The Falls Road Railroad  is a Class III short line railroad owned by Genesee Valley Transportation (GVT). The railroad operates in Niagara, Orleans, and Monroe counties in New York.

Operations
The railroad's right-of-way consists of  of track, known as the Falls Road Branch, that were acquired from Conrail on October 15, 1996.  A yard and engine house are maintained in Lockport, NY, where the railroad interchanges with CSX.  The railroad is known for its use of Alco locomotives.

Falls Road Branch
The name Falls Road originates from the Lockport and Niagara Falls Railroad, and was adopted by New York Central—and later Conrail—to refer to the section of railroad track between Lockport and Rochester, New York.  In 1994, Conrail abandoned twelve miles (19 km) of track between Rochester and Brockport, New York; the Falls Road Branch now terminates in Brockport, east of Owens Road at Mile Post 16.60.  The Falls Road provides rail service to the Western New York Energy, LLC ethanol plant near Medina, New York.

Locomotive history
In 2000, Falls Road Railroad was operating locomotives #1802 (RS-11) and #1804 (RS-11).  By 2006 #1802 still remained, but #1804 was long gone and on another Genesee Valley Transportation (GVT) shortline.  #334 (C420) took #1804's spot.  As of the year 2008, #1802 continued to serve the FRR; however, #334 was shipped out and sold to another company who repainted her on another shortline that is not GVT owned.  #2035 (RS-32) came to take #334's place.  Ever since #334 was replaced by #2035, the power has remained the same.  #1802 is still on the FRR, and since the words Falls Road Railroad are painted on her side, there is no sign of her leaving anytime soon.  #2035 is also still on the FRR as of 2019, and painted in the Genesee Valley livery.

Engine roster
The Falls Road Railroad, like all other GVT properties, is Alco-powered.  The railroad uses one New York Central vintage RS32 (2035) as well as one Nickel Plate vintage RS-11 (1802).  The 2035 is the primary engine; however, 1802 will be used on days when an extra train, such as a passenger excursion or snowplow, is needed.

Excursions and extra trains
The current two locomotives, RS-32 #2035 and RS-11 #1802, are the only two locomotives currently operating on the Falls Road Railroad. #2035 is the primary locomotive, because it is a Low Hood.
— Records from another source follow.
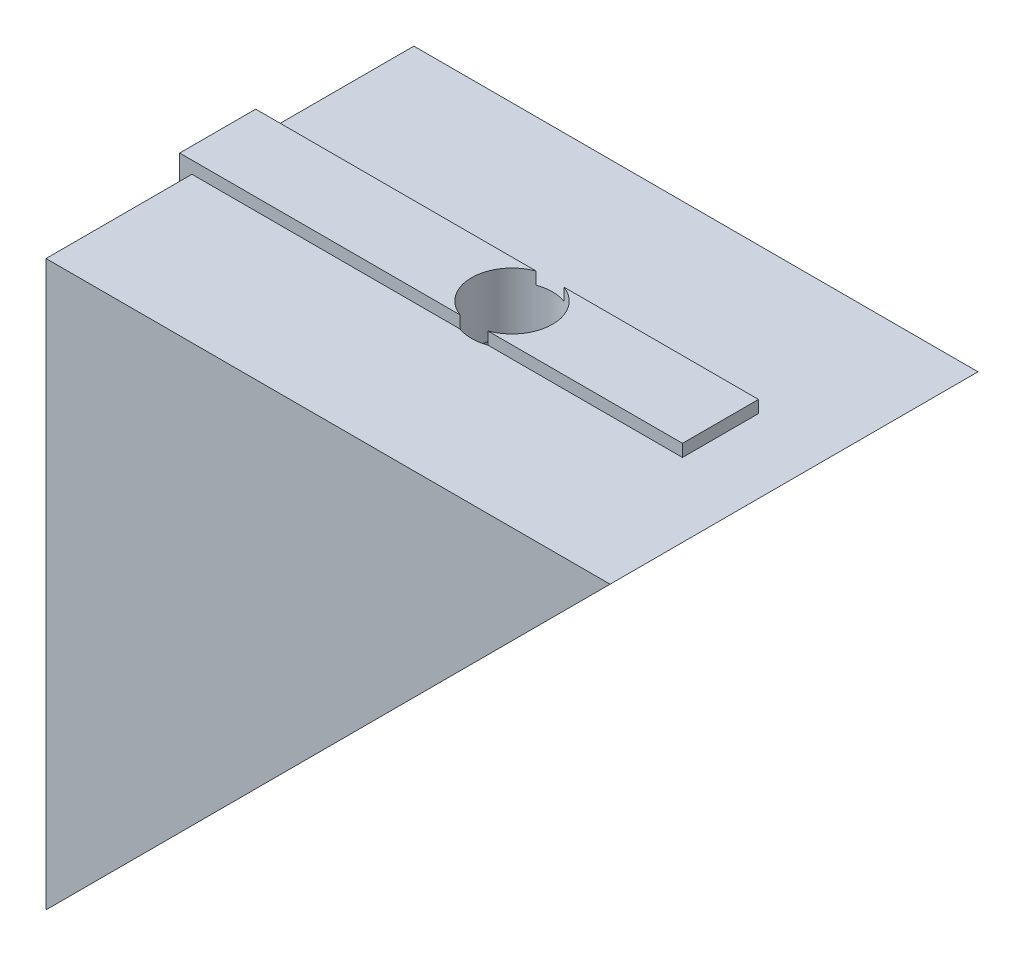
ISO-10303-21;
HEADER;
FILE_DESCRIPTION(('STEP AP214'),'2;1');
FILE_NAME('part.step','',(''),(''),'','','');
FILE_SCHEMA(('AUTOMOTIVE_DESIGN { 1 0 10303 214 1 1 1 1 }'));
ENDSEC;
DATA;
#1=APPLICATION_CONTEXT('core data for automotive mechanical design processes');
#2=APPLICATION_PROTOCOL_DEFINITION('international standard','automotive_design',2000,#1);
#3=PRODUCT_CONTEXT('',#1,'mechanical');
#4=PRODUCT('Part','Part','',(#3));
#5=PRODUCT_RELATED_PRODUCT_CATEGORY('part','',(#4));
#6=PRODUCT_DEFINITION_FORMATION('','',#4);
#7=PRODUCT_DEFINITION_CONTEXT('part definition',#1,'design');
#8=PRODUCT_DEFINITION('design','',#6,#7);
#9=PRODUCT_DEFINITION_SHAPE('','',#8);
#10=(LENGTH_UNIT() NAMED_UNIT(*) SI_UNIT(.MILLI.,.METRE.));
#11=(NAMED_UNIT(*) PLANE_ANGLE_UNIT() SI_UNIT($,.RADIAN.));
#12=(NAMED_UNIT(*) SI_UNIT($,.STERADIAN.) SOLID_ANGLE_UNIT());
#13=UNCERTAINTY_MEASURE_WITH_UNIT(LENGTH_MEASURE(1.E-05),#10,'distance_accuracy_value','');
#14=(GEOMETRIC_REPRESENTATION_CONTEXT(3) GLOBAL_UNCERTAINTY_ASSIGNED_CONTEXT((#13)) GLOBAL_UNIT_ASSIGNED_CONTEXT((#10,
#11,#12)) REPRESENTATION_CONTEXT('',''));
#15=CARTESIAN_POINT('',(0.,0.,0.));
#16=DIRECTION('',(0.,0.,1.));
#17=DIRECTION('',(1.,0.,0.));
#18=AXIS2_PLACEMENT_3D('',#15,#16,#17);
#19=CARTESIAN_POINT('',(-195.002,-19.,7.5));
#20=DIRECTION('',(1.,0.,0.));
#21=DIRECTION('',(0.,0.,-1.));
#22=AXIS2_PLACEMENT_3D('',#19,#20,#21);
#23=CYLINDRICAL_SURFACE('',#22,1.65);
#24=CARTESIAN_POINT('',(-180.,-19.,7.5));
#25=DIRECTION('',(1.,0.,0.));
#26=DIRECTION('',(0.,0.,1.));
#27=AXIS2_PLACEMENT_3D('',#24,#25,#26);
#28=CIRCLE('',#27,1.65);
#29=CARTESIAN_POINT('',(-180.,-18.4343145750507,5.95));
#30=VERTEX_POINT('',#29);
#31=CARTESIAN_POINT('',(-180.,-19.5656854249492,5.95));
#32=VERTEX_POINT('',#31);
#33=EDGE_CURVE('E300',#30,#32,#28,.F.);
#34=ORIENTED_EDGE('',*,*,#33,.T.);
#35=DIRECTION('',(1.,0.,0.));
#36=VECTOR('',#35,1.);
#37=CARTESIAN_POINT('',(-180.5,-19.5656854249492,5.95));
#38=LINE('',#37,#36);
#39=CARTESIAN_POINT('',(-180.5,-19.5656854249492,5.95));
#40=VERTEX_POINT('',#39);
#41=EDGE_CURVE('E396',#40,#32,#38,.T.);
#42=ORIENTED_EDGE('',*,*,#41,.F.);
#43=CARTESIAN_POINT('',(-180.5,-19.,7.5));
#44=DIRECTION('',(1.,0.,0.));
#45=DIRECTION('',(0.,0.,1.));
#46=AXIS2_PLACEMENT_3D('',#43,#44,#45);
#47=CIRCLE('',#46,1.65);
#48=CARTESIAN_POINT('',(-180.5,-19.5656854249492,9.05));
#49=VERTEX_POINT('',#48);
#50=EDGE_CURVE('E430',#40,#49,#47,.F.);
#51=ORIENTED_EDGE('',*,*,#50,.T.);
#52=DIRECTION('',(1.,0.,0.));
#53=VECTOR('',#52,1.);
#54=CARTESIAN_POINT('',(-180.5,-19.5656854249492,9.05));
#55=LINE('',#54,#53);
#56=CARTESIAN_POINT('',(-180.,-19.5656854249492,9.05));
#57=VERTEX_POINT('',#56);
#58=EDGE_CURVE('E416',#49,#57,#55,.T.);
#59=ORIENTED_EDGE('',*,*,#58,.T.);
#60=CARTESIAN_POINT('',(-180.,-18.4343145750507,9.05));
#61=VERTEX_POINT('',#60);
#62=EDGE_CURVE('E311',#57,#61,#28,.F.);
#63=ORIENTED_EDGE('',*,*,#62,.T.);
#64=DIRECTION('',(1.,0.,0.));
#65=VECTOR('',#64,1.);
#66=CARTESIAN_POINT('',(-180.5,-18.4343145750507,9.05));
#67=LINE('',#66,#65);
#68=CARTESIAN_POINT('',(-180.5,-18.4343145750507,9.05));
#69=VERTEX_POINT('',#68);
#70=EDGE_CURVE('E371',#69,#61,#67,.T.);
#71=ORIENTED_EDGE('',*,*,#70,.F.);
#72=CARTESIAN_POINT('',(-180.5,-19.,7.5));
#73=DIRECTION('',(1.,0.,0.));
#74=DIRECTION('',(0.,0.,1.));
#75=AXIS2_PLACEMENT_3D('',#72,#73,#74);
#76=CIRCLE('',#75,1.65);
#77=CARTESIAN_POINT('',(-180.5,-18.4343145750507,5.95));
#78=VERTEX_POINT('',#77);
#79=EDGE_CURVE('E390',#69,#78,#76,.F.);
#80=ORIENTED_EDGE('',*,*,#79,.T.);
#81=DIRECTION('',(1.,0.,0.));
#82=VECTOR('',#81,1.);
#83=CARTESIAN_POINT('',(-180.5,-18.4343145750507,5.95));
#84=LINE('',#83,#82);
#85=EDGE_CURVE('E387',#78,#30,#84,.T.);
#86=ORIENTED_EDGE('',*,*,#85,.T.);
#87=EDGE_LOOP('',(#34,#42,#51,#59,#63,#71,#80,#86));
#88=FACE_BOUND('',#87,.T.);
#89=CARTESIAN_POINT('',(-178.,-19.,7.5));
#90=DIRECTION('',(-1.,0.,0.));
#91=DIRECTION('',(0.,-1.,0.));
#92=AXIS2_PLACEMENT_3D('',#89,#90,#91);
#93=CIRCLE('',#92,1.65);
#94=CARTESIAN_POINT('',(-178.,-20.65,7.5));
#95=VERTEX_POINT('',#94);
#96=EDGE_CURVE('E316',#95,#95,#93,.T.);
#97=ORIENTED_EDGE('',*,*,#96,.F.);
#98=EDGE_LOOP('',(#97));
#99=FACE_BOUND('',#98,.T.);
#100=ADVANCED_FACE('F16',(#88,#99),#23,.F.);
#101=CARTESIAN_POINT('',(-168.5,-7.49799999999992,7.5));
#102=DIRECTION('',(0.,-1.,0.));
#103=DIRECTION('',(0.,0.,1.));
#104=AXIS2_PLACEMENT_3D('',#101,#102,#103);
#105=CYLINDRICAL_SURFACE('',#104,1.65);
#106=CARTESIAN_POINT('',(-168.5,-7.49999999999992,7.5));
#107=DIRECTION('',(0.,1.,0.));
#108=DIRECTION('',(0.,0.,1.));
#109=AXIS2_PLACEMENT_3D('',#106,#107,#108);
#110=CIRCLE('',#109,1.65);
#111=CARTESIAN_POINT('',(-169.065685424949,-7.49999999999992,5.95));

It has more visibility. #1802 is used on extra trains when 2035 is busy. This can include an excursion, corn train, ethanol train, or snow plow. 1802 is a High Hood, so the visibility is a bit less than 2035. The FRR regularly runs excursions for the Medina Railroad Museum, and if the freight local is busy being worked by 2035, 1802 is put in for the excursion. Also, sometimes corn trains are needed to go to Medina for the ethanol plant, or an ethanol train needs to go from Medina to Lockport for CSX to pick up. If the train is long enough, 1802 will help 2035 running double teamed. If 2035 is on the local, 1802 will step in to take the corn or ethanol train where it needs to go. Even though snowfall heavy enough to make the FRR break out their big plow is rare, sometimes it has to be done. In that case, if 2035 is going to be busy, 1802 will do the plowing.  If the snow happens to be too dense, 1802 will team with 2035 to do the plowing together.

NIAX

The Niagara & Western New York Railroad  was a short-lived company that operated a heritage railroad and excursion train service for the Falls Road Railroad.  The trains ran between Lockport and Medina, New York for the single, 2002 season.  Three locomotives were leased from Guilford Rail System: two GE U18Bs and one EMD GP7, all of Maine Central Railroad heritage.  The railroad operated three passenger cars.  Today, occasional excursions are operated between Lockport and Medina by the Medina Railroad Museum and Genesee Valley Transportation.  Lockport boarding has been moved to GVT's Michigan Street Yard.